UK Supreme Court rules in Eli Lilly's favor in drug dispute

28.07.2017

On 12 July 2017, the United Kingdom Supreme Court handed down its judgment in the case of Actavis UK Limited and others v Eli Lilly and Company, which has significantly changed the law of patent infringement in the UK.

Eli Lilly is the owner of a patent that claims the use of pemetrexed disodium in the manufacturing process of a medicine used for the treatment of cancer. The other party, Actavis UK, sought declarations of non-infringement for its proposed use in respect of the UK, French, Spanish and Italian designations of Lilly's patents. The High Court found that none of Actavis' products infringed said patent in the UK, France, Spain or Italy, directly or indirectly, and the Court of Appeal allowed Lilly's appeal in respect of there being indirect infringement of the patent in each jurisdiction. The parties were provided the possibility to appeal before the UK Supreme Court (UKSC).

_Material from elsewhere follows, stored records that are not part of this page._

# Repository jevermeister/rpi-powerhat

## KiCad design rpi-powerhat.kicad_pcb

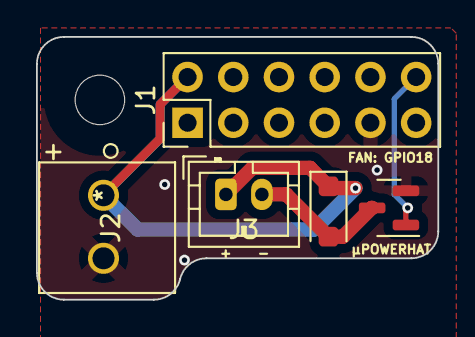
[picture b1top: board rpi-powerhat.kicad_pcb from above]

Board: 2 copper layers, 22.3 x 14.6 mm, 5 parts (0 on the bottom side), 4 nets.

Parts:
D1: D; D_SOD-123F
J1: rpi-gpio-powerhat; PinHeader_2x06_P2.54mm_Vertical
J2: VIN; 1546551-2
J3: FAN; JST_PH_B2B-PH-K_1x02_P2.00mm_Vertical
Q2: AO3402; SOT-23

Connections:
+5V: D1.1 (K), J1.2 (5V), J2.1, J3.1
/rpi-gpio-powerhat/GPIO18-: D1.2 (A), J3.2, Q2.3 (D)
GND: J1.9 (GND), J2.2, Q2.2 (S)
GPIO18: J1.12 (BCM18_PCM_C), Q2.1 (G)

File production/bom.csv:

Designator,Footprint,Quantity,Value,LCSC Part #
,RPi_Hat_Mounting_Hole,1,,
D1,D_SOD-123F,1,D,C64898
J1,PinHeader_2x06_P2.54mm_Vertical,1,rpi-gpio-powerhat,
J2,1546551-2,1,VIN,
J3,JST_PH_B2B-PH-K_1x02_P2.00mm_Vertical,1,FAN,
Q2,SOT-23,1,AO3402,C351406

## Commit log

2023-03-11 Renamed project, removed unused stuff and added measurements
2023-03-21 Made the powerhat even smaller
2023-03-21 Added more vias
2023-07-21 Added recent changes and production files

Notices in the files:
parts and their libraries:
Copyright 2021 Accelerated Designs. All rights reserved.
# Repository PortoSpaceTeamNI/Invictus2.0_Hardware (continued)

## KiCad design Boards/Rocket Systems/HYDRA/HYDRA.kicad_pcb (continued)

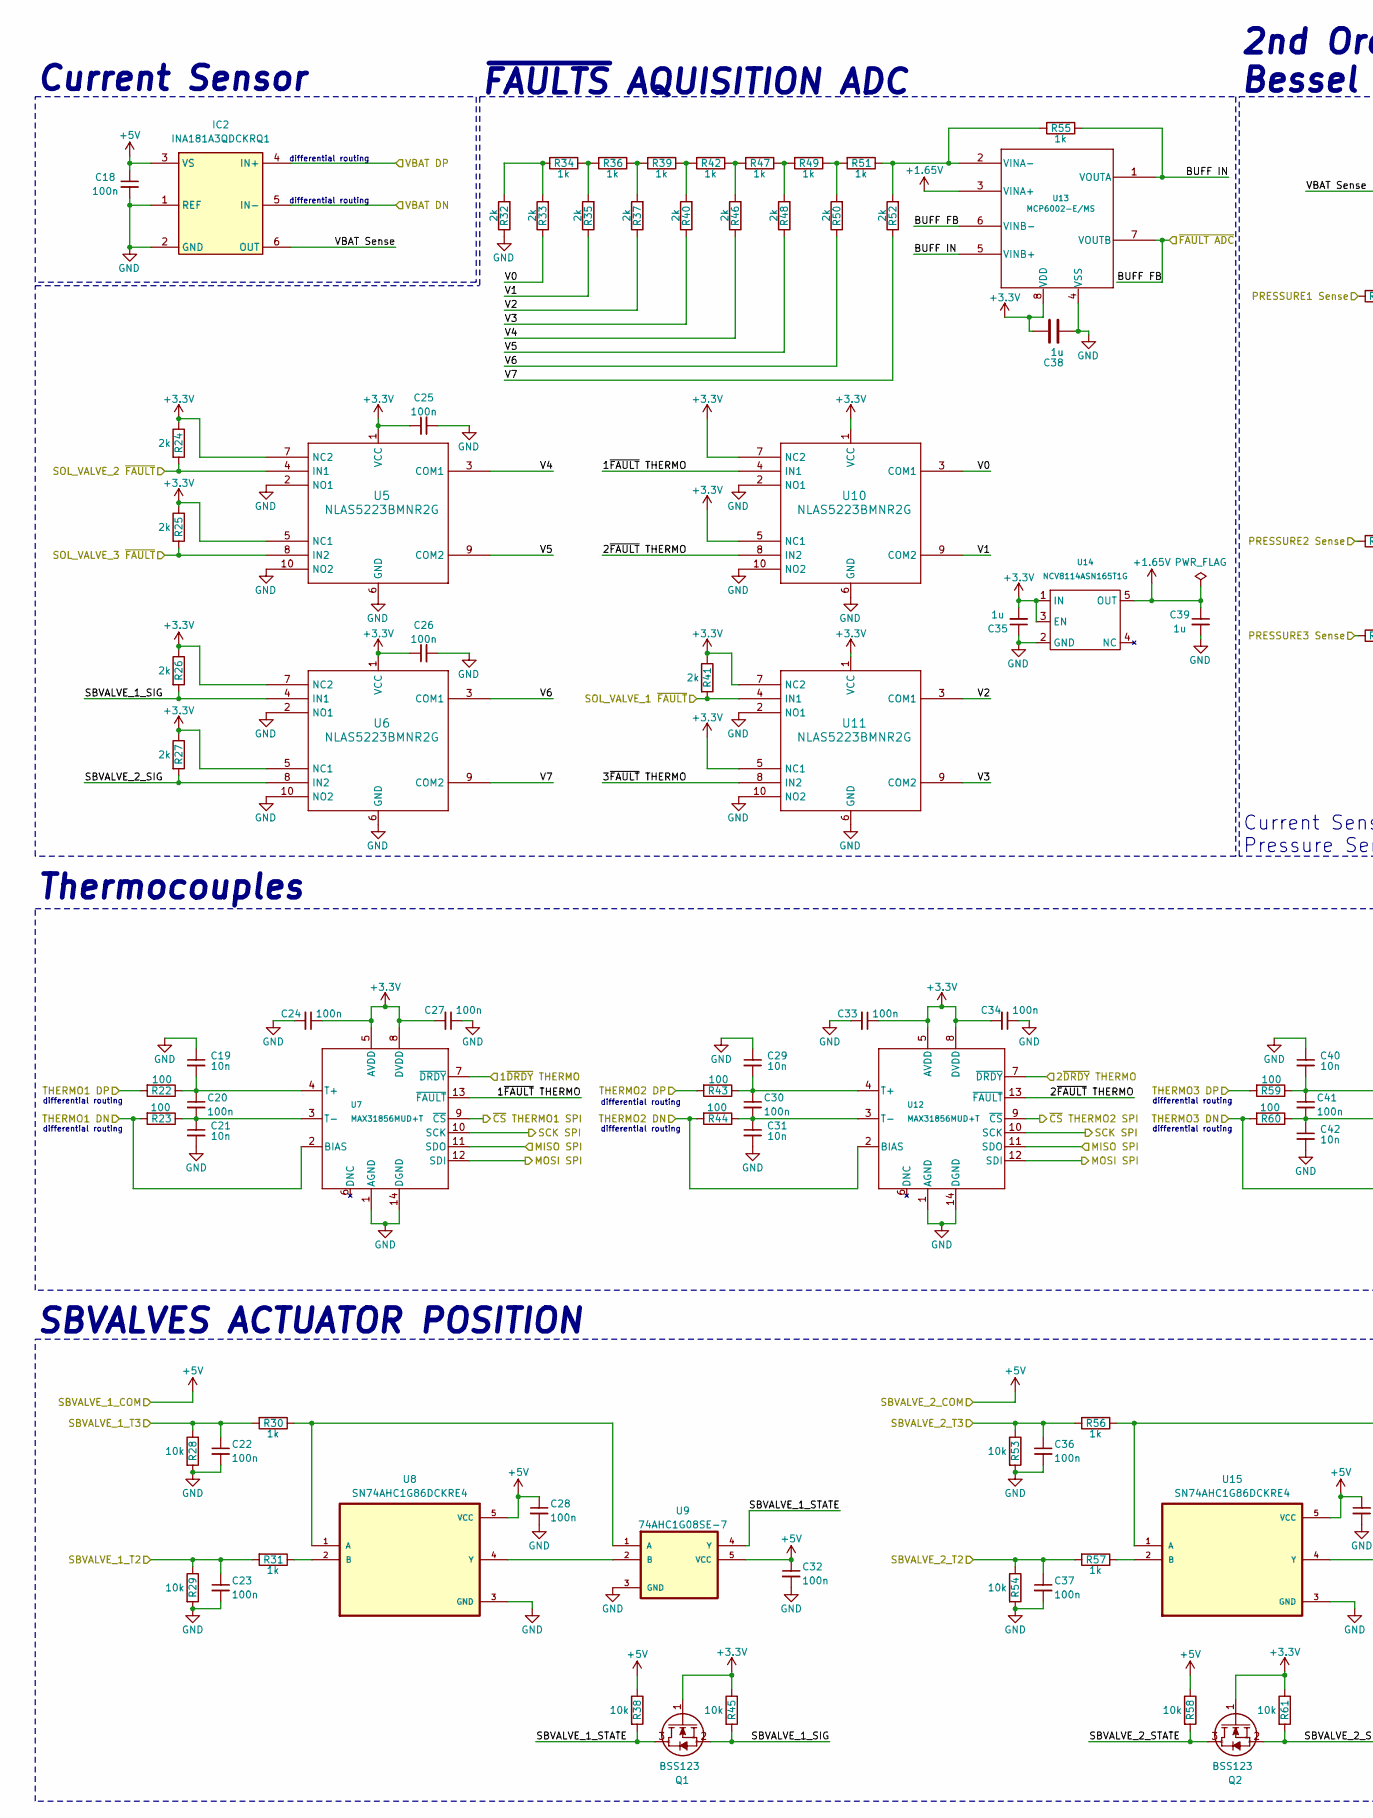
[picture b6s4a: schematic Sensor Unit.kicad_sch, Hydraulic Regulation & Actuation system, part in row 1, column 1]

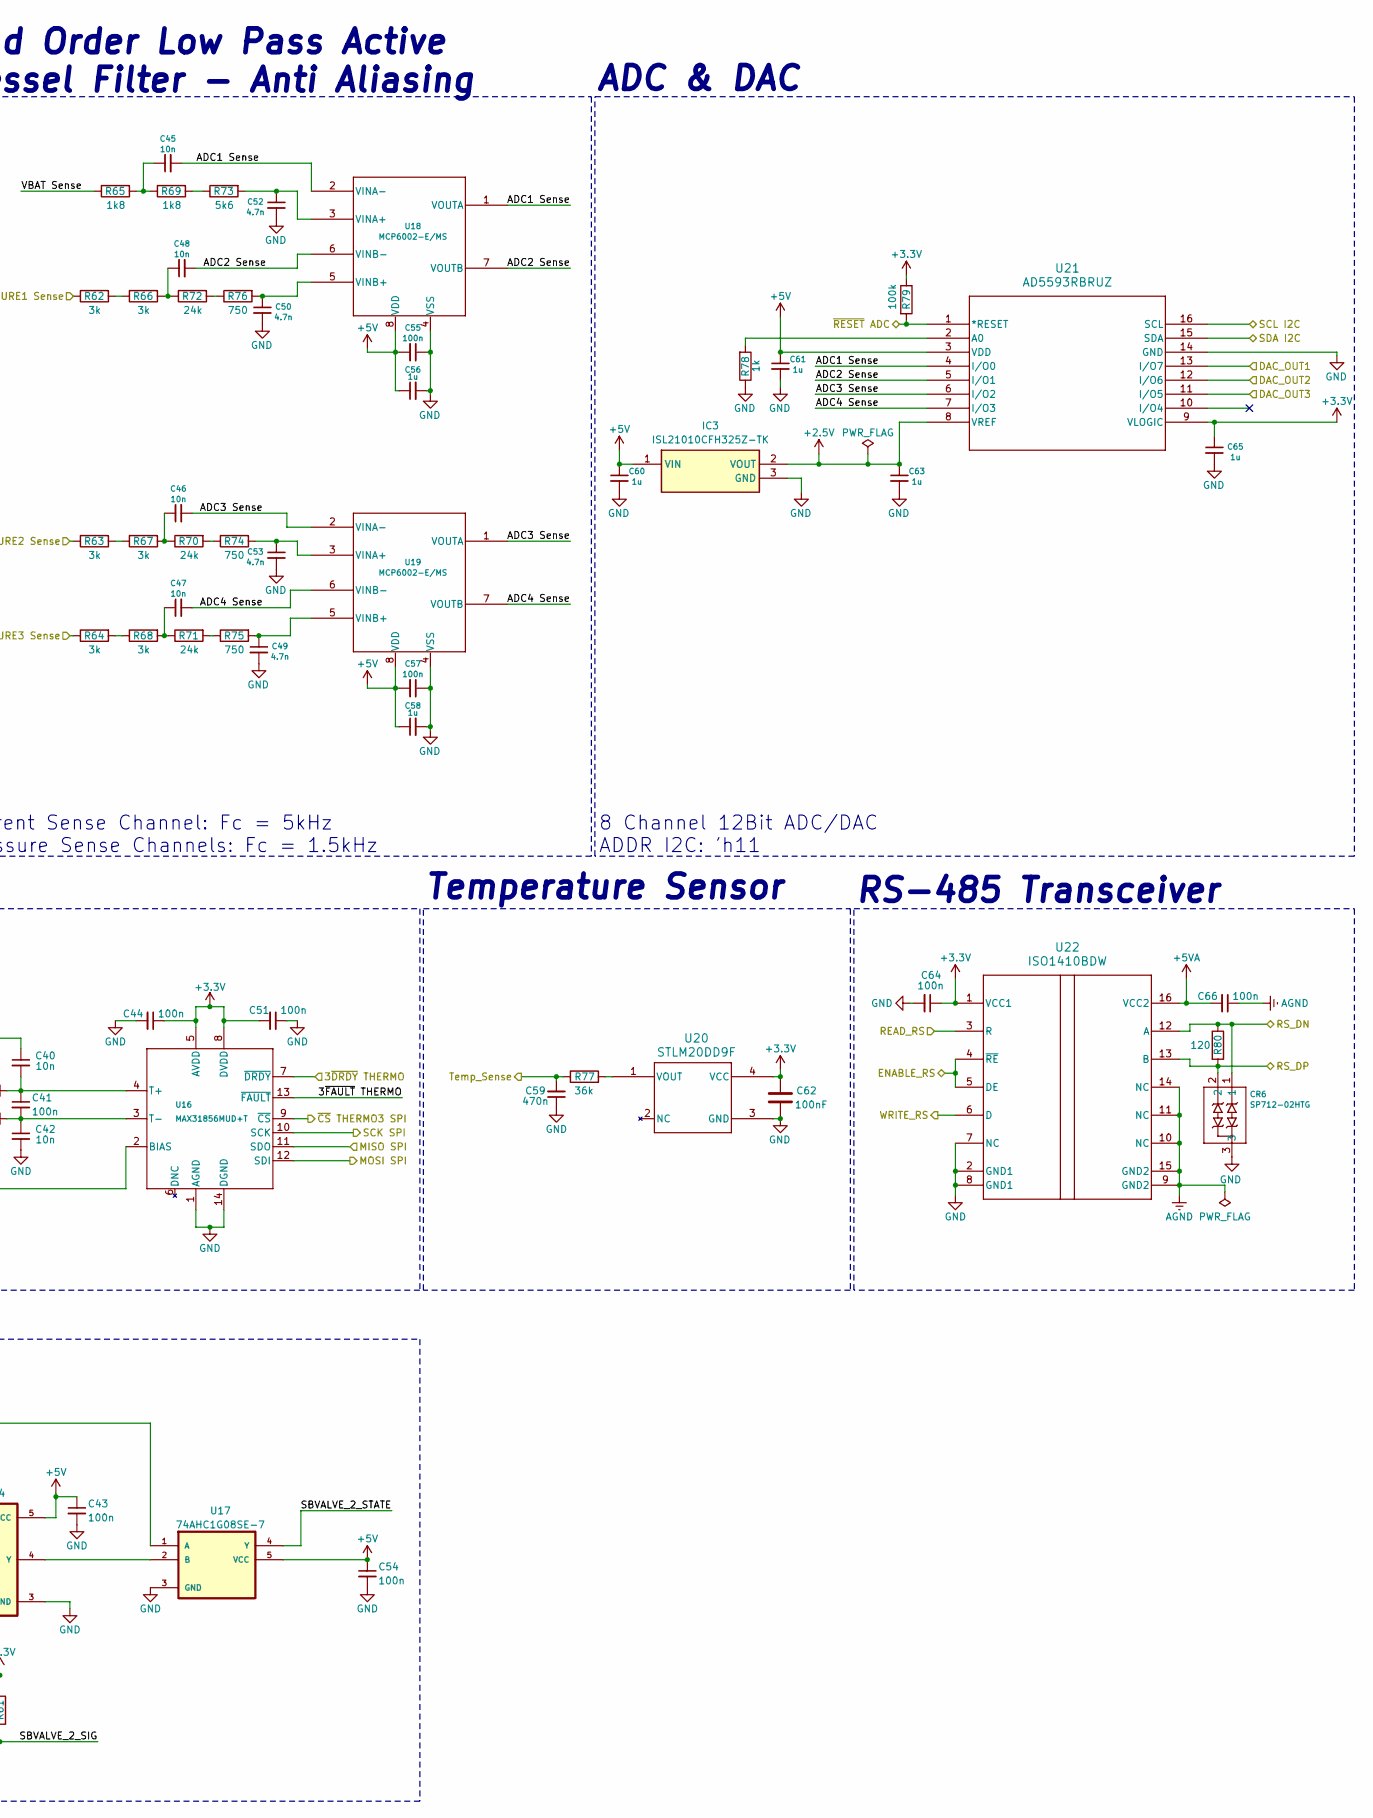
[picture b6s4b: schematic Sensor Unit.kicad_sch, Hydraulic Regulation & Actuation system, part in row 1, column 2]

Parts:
C18, C20, C22, C23, C24, C25, C26, C27, C28, C30, C32, C33, C34, C36, C37, C41, C43, C44, C51, C54, C55, C57, C64, C66: 100n; Capacitor_0402
C19, C21, C29, C31, C40, C42, C45, C46, C47, C48: 10n; Capacitor_0402
C35, C38, C39, C56, C58, C60, C61, C63, C65: 1u; Capacitor_0603
C49, C50, C52, C53: 4.7n; Capacitor_0402
C59: 470n; Capacitor_0402
C62: 100nF; Capacitor_0402
CR6: SP712-02HTG; SOT23-3_LTF
IC2: INA181A3QDCKRQ1; SOT65P210X110-6N; Mouser Part Number 595-INA181A3QDCKRQ1
IC3: ISL21010CFH325Z-TK; SOT95P237X112-3N; Mouser Part Number 968-ISL21010CFH325ZT
Q1, Q2: BSS123; SOT96P237X111-3N; Mouser Part Number 512-BSS123
R22, R23, R43, R44, R59, R60: 100; RES_0402
R24, R25, R26, R27, R32, R33, R35, R37, R40, R41, R46, R48, R50, R52: 2k; RES_0402
R28, R29, R38, R45, R53, R54, R58, R61: 10k; RES_0402
R30, R31, R34, R36, R39, R42, R47, R49, R51, R55, R56, R57, R78: 1k; RES_0402
R62, R63, R64, R66, R67, R68: 3k; RES_0402
R65, R69: 1k8; RES_0402
R70, R71, R72: 24k; RES_0402
R73: 5k6; RES_0402
R74, R75, R76: 750; RES_0402
R77: 36k; RES_0402
R79: 100k; RES_0402
R80: 120; RES_0603
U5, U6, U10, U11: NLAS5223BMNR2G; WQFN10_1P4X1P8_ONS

The UKSC states that the problem of infringement is best approached by addressing the following two issues:

1.    Does the variant infringe any of the claims as a matter of normal interpretation; and if not,

2.    Does the variant nonetheless infringe because it varies from the invention in a way or ways which is or are immaterial?

It was concluded that if the answer to any of the two questions is yes, then there is an infringement, otherwise, there is not.

It was considered that issue (1) raised a question of interpretation whilst issue (2) raised a question which would normally have to be answered by reference to the facts and expert evidence.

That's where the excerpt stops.